Work to be completed
Which lines run from the one containing "#22309 = CARTESIAN_POINT" to the end of the listing below? Write them out exactly, both ends included, with nothing else.

Dataset excerpts
........

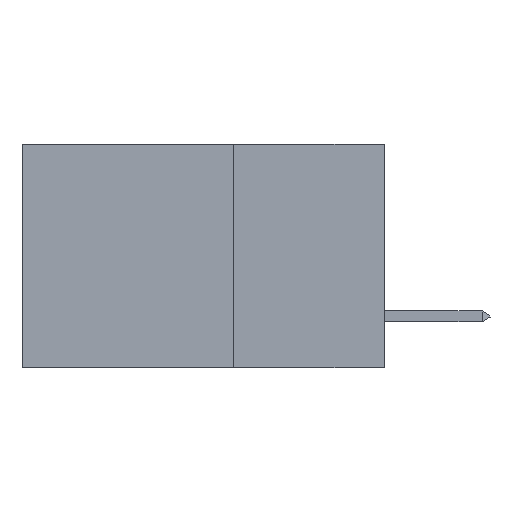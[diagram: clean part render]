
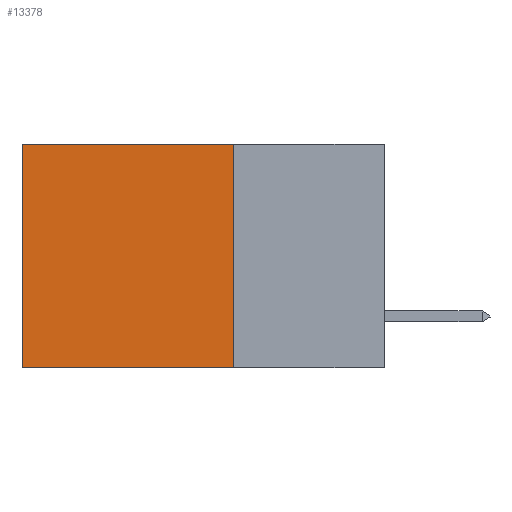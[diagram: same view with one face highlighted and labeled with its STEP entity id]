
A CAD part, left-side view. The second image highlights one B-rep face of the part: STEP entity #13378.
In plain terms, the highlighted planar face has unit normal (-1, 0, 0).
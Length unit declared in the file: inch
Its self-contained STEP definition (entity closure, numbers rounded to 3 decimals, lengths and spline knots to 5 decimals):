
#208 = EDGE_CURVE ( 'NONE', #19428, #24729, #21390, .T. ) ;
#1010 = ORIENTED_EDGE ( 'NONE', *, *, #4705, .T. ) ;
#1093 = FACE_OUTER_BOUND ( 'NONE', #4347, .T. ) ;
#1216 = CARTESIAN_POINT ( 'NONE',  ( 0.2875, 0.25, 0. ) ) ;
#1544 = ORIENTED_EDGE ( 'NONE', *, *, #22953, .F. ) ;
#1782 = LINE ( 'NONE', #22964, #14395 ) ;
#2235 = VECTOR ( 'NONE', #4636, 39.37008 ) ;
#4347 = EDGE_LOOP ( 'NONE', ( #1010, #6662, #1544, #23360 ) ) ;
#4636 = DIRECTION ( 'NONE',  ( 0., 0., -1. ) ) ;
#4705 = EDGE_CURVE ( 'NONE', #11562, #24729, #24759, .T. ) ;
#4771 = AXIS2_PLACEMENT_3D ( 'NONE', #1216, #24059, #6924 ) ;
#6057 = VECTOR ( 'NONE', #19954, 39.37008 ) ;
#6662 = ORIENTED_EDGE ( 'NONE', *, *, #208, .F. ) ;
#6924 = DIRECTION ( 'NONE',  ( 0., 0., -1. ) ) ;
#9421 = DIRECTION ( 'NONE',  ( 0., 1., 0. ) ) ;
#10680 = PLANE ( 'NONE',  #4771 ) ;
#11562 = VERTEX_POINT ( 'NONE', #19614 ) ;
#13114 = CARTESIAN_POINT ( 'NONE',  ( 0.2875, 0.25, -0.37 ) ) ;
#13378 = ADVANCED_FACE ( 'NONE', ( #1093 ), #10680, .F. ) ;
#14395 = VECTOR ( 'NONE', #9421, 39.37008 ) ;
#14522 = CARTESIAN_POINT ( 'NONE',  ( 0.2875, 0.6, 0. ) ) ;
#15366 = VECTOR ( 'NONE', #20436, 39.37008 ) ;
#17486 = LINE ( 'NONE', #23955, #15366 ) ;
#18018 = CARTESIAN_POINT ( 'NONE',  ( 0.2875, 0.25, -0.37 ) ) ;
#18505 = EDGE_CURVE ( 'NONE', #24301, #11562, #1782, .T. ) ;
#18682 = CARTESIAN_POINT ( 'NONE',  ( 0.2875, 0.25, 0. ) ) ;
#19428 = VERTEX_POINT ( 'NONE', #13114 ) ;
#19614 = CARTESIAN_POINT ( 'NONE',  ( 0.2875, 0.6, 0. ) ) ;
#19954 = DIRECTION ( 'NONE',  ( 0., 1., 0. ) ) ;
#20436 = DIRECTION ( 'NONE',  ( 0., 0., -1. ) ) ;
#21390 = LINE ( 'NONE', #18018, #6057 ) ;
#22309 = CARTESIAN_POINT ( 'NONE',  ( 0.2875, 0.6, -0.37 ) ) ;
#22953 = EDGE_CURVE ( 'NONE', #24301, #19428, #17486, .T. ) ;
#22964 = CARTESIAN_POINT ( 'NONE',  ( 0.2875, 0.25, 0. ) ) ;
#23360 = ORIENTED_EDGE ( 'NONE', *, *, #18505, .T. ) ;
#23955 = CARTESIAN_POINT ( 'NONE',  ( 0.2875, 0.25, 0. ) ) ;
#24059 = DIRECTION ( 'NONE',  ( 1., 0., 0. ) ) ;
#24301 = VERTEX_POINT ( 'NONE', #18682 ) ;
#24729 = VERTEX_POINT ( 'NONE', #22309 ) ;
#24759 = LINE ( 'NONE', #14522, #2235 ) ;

........

Answer box
#22309 = CARTESIAN_POINT ( 'NONE',  ( 0.2875, 0.6, -0.37 ) ) ;
#22953 = EDGE_CURVE ( 'NONE', #24301, #19428, #17486, .T. ) ;
#22964 = CARTESIAN_POINT ( 'NONE',  ( 0.2875, 0.25, 0. ) ) ;
#23360 = ORIENTED_EDGE ( 'NONE', *, *, #18505, .T. ) ;
#23955 = CARTESIAN_POINT ( 'NONE',  ( 0.2875, 0.25, 0. ) ) ;
#24059 = DIRECTION ( 'NONE',  ( 1., 0., 0. ) ) ;
#24301 = VERTEX_POINT ( 'NONE', #18682 ) ;
#24729 = VERTEX_POINT ( 'NONE', #22309 ) ;
#24759 = LINE ( 'NONE', #14522, #2235 ) ;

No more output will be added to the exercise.